晚上,赵恒月沐浴更衣静等着萧齐衍来,她知道今晚是自己回王府的第一晚,是注定要侍寝的,她默默在纱帐中垂泪。
“苏医师,您……王爷不是吩咐,您不必过来了吗?”外间的丫鬟惊讶道。
“王妃的安神药忘了!”
赵恒月一听是苏玉,鞋袜不及穿,就赤脚跑了出来,她很想紧紧抱住苏玉,叫他带自己走。
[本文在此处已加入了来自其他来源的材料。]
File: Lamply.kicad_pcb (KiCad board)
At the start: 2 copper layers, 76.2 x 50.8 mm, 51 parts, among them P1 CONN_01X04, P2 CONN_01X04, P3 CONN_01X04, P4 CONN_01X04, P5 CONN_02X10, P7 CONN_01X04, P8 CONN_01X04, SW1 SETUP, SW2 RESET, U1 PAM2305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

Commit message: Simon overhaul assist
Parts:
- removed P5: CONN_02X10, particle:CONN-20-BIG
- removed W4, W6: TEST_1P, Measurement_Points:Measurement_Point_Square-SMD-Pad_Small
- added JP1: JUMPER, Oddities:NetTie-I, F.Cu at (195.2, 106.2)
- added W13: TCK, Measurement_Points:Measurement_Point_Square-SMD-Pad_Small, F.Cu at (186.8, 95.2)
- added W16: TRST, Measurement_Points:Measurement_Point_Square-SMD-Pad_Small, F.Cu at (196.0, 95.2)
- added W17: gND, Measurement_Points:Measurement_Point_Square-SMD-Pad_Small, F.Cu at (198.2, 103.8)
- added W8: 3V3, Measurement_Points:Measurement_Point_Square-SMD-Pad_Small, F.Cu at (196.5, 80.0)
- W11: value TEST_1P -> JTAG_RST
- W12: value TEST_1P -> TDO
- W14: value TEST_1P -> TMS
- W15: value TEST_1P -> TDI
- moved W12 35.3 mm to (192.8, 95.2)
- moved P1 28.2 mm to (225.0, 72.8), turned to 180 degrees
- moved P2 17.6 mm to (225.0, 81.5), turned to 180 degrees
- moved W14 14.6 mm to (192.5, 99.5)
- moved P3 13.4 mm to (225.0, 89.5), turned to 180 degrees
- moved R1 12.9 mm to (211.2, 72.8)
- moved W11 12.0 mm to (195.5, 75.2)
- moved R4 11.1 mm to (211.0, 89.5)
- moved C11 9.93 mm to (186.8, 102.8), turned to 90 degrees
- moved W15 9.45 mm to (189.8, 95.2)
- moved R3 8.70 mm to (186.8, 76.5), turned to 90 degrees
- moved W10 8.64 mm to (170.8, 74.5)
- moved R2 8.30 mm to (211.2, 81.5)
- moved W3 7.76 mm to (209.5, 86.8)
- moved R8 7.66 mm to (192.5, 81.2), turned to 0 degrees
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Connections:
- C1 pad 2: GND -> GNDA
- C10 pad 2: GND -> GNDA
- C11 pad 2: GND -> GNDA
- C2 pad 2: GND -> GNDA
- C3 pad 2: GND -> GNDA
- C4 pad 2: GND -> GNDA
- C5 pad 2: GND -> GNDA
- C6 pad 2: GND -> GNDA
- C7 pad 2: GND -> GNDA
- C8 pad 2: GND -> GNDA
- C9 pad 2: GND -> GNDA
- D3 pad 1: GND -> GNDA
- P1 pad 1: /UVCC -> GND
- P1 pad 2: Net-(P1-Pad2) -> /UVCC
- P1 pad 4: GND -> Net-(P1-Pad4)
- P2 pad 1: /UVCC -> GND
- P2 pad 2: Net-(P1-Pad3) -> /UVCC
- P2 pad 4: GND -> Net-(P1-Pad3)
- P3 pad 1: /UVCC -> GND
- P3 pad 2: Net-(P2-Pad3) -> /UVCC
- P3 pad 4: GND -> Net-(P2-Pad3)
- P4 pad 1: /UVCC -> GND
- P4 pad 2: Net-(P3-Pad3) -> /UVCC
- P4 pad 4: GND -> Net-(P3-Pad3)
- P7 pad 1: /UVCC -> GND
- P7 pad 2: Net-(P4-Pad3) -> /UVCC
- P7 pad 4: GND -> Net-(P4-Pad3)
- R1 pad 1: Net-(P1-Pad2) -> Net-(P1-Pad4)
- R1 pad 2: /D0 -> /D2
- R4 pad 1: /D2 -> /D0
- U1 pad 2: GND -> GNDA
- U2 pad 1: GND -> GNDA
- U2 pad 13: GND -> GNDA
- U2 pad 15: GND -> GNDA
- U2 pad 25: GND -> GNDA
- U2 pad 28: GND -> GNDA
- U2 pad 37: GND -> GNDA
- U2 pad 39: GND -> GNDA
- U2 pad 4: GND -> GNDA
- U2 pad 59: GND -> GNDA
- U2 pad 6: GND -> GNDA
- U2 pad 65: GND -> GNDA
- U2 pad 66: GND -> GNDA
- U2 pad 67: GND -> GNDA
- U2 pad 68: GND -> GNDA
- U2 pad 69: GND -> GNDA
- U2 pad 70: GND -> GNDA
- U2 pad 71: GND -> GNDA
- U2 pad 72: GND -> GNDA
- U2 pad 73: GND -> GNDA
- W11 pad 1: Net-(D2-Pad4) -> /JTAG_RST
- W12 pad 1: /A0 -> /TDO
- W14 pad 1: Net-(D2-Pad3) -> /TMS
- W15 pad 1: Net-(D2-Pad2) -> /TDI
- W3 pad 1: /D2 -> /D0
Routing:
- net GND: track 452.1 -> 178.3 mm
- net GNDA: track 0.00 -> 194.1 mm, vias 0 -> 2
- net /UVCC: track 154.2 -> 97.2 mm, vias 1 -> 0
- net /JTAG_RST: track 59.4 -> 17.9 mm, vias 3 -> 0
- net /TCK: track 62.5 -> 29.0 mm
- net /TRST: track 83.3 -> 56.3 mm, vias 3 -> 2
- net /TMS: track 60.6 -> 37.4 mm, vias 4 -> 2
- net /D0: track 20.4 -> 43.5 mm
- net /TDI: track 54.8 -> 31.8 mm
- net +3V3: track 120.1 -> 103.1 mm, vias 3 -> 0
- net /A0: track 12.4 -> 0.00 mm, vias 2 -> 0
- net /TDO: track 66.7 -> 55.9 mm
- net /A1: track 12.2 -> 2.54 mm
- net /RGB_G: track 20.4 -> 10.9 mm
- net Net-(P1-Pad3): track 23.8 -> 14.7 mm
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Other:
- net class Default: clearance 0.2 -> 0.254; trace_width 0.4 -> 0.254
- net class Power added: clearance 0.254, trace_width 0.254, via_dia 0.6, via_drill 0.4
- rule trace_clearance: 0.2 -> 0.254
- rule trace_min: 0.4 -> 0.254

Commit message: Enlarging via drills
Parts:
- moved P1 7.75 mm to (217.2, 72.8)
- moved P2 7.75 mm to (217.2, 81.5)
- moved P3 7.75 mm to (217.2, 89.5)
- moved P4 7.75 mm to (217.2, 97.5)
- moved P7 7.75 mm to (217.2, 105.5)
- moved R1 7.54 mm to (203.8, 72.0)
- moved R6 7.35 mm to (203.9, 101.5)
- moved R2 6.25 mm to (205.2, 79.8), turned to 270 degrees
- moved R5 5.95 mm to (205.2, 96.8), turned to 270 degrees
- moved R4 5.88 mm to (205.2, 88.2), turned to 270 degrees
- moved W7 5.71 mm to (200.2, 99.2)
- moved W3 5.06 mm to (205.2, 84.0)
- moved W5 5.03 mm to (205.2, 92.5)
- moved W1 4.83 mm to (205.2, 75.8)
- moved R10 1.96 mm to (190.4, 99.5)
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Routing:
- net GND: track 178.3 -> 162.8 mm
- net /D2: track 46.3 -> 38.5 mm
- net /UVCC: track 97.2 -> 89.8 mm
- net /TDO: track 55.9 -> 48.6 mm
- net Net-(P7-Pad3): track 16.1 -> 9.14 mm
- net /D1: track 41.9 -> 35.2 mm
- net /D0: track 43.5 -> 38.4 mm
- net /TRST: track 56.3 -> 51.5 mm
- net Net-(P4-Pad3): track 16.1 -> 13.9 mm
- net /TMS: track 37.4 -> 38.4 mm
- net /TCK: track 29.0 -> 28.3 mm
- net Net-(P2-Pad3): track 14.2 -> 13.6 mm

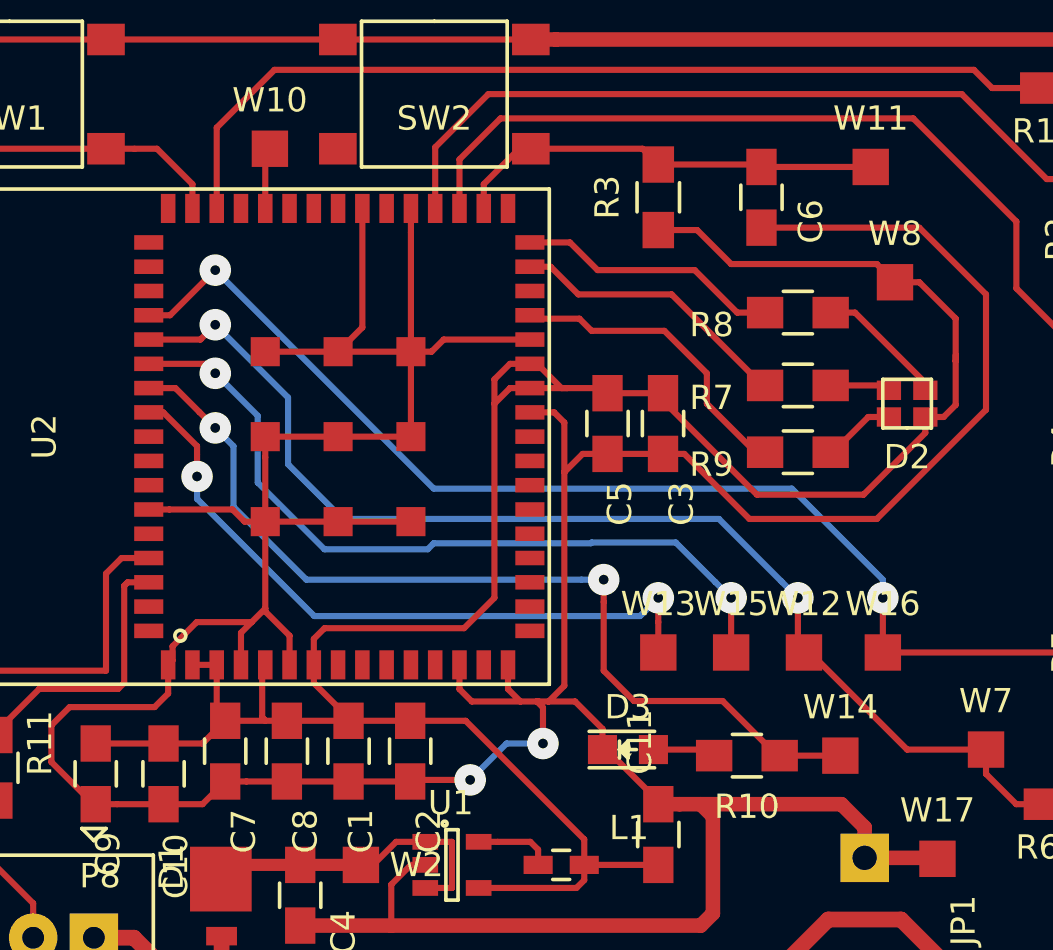
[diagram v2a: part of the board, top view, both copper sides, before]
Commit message: Enlarging vias
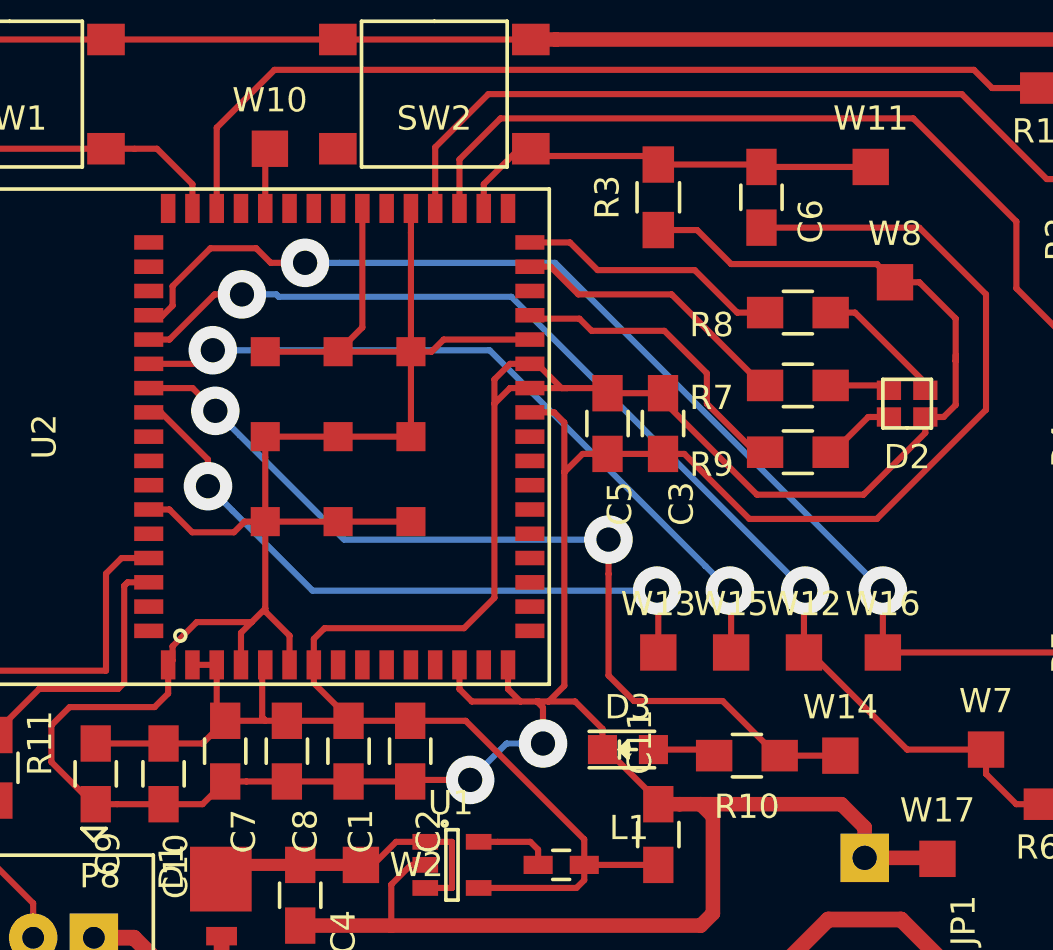
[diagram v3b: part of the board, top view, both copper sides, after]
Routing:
- net /TDI: track 32.1 -> 30.8 mm
- net /TCK: track 28.3 -> 27.2 mm
- net /TRST: track 51.5 -> 52.2 mm
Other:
- net class Default: via_dia 0.6 -> 2; via_drill 0.4 -> 1

可是一到外间,赵恒月又赶忙冷静下来,她道:“是我叫他来的,若王爷怪罪,我自会去解释!苏医师,你且进来吧!”
苏玉见赵恒月冲出来的时候,心里何尝不是和她一样,刚进内室,赵恒月刚想抱他,苏玉赶紧跪下,头都伏在了地板上,他态度恭敬道:“王妃,在下这就给您诊脉!您且回床上坐好!”
赵恒月知道苏玉在警告她,强忍着心头万般情绪,静静坐会了榻上,隔着一个纱帐,苏玉跪地为她诊脉,手指触碰的一刹那,苏玉手抖了一下,他声音很轻很轻,他问:“不想说点什么?”
“我想说的,你心里知道!”
苏玉沉默了,整个诊脉流程都没有再说一句话,临到要走时,苏玉把一粒药递给她,“这是安神的药,你现在吃,免得发病伤到王爷。他把你接回来,可不是想看见一个疯子!”
赵恒月看都不想看,冷笑一声,抓过药丸仰头就吞了。“最好是颗毒药,立刻死也比现在好过!”
苏玉不说话,默默退了出去。苏玉前脚刚走,萧齐衍就来了。他见赵恒月双目无神,坐在那里发呆,便轻轻过去搂住了他。赵恒月忽感一阵温暖气息,她以为苏玉回来了,但抬头却见到萧齐衍。萧齐衍见她眼神从惊喜一下变成失望,心中醋意可想而知,但对他来说,赵恒月能跟他回来,就是一个好的开始,无论如何他都不能再伤她哪怕毫厘。
“月儿,能再这样静静看着你,本王已经很知足了!本王今天叫你侍寝,只是做做样子,不然日后侧妃、王府上下众人难免会轻视你!觉得本王又对你有成见!”萧齐衍坦诚道。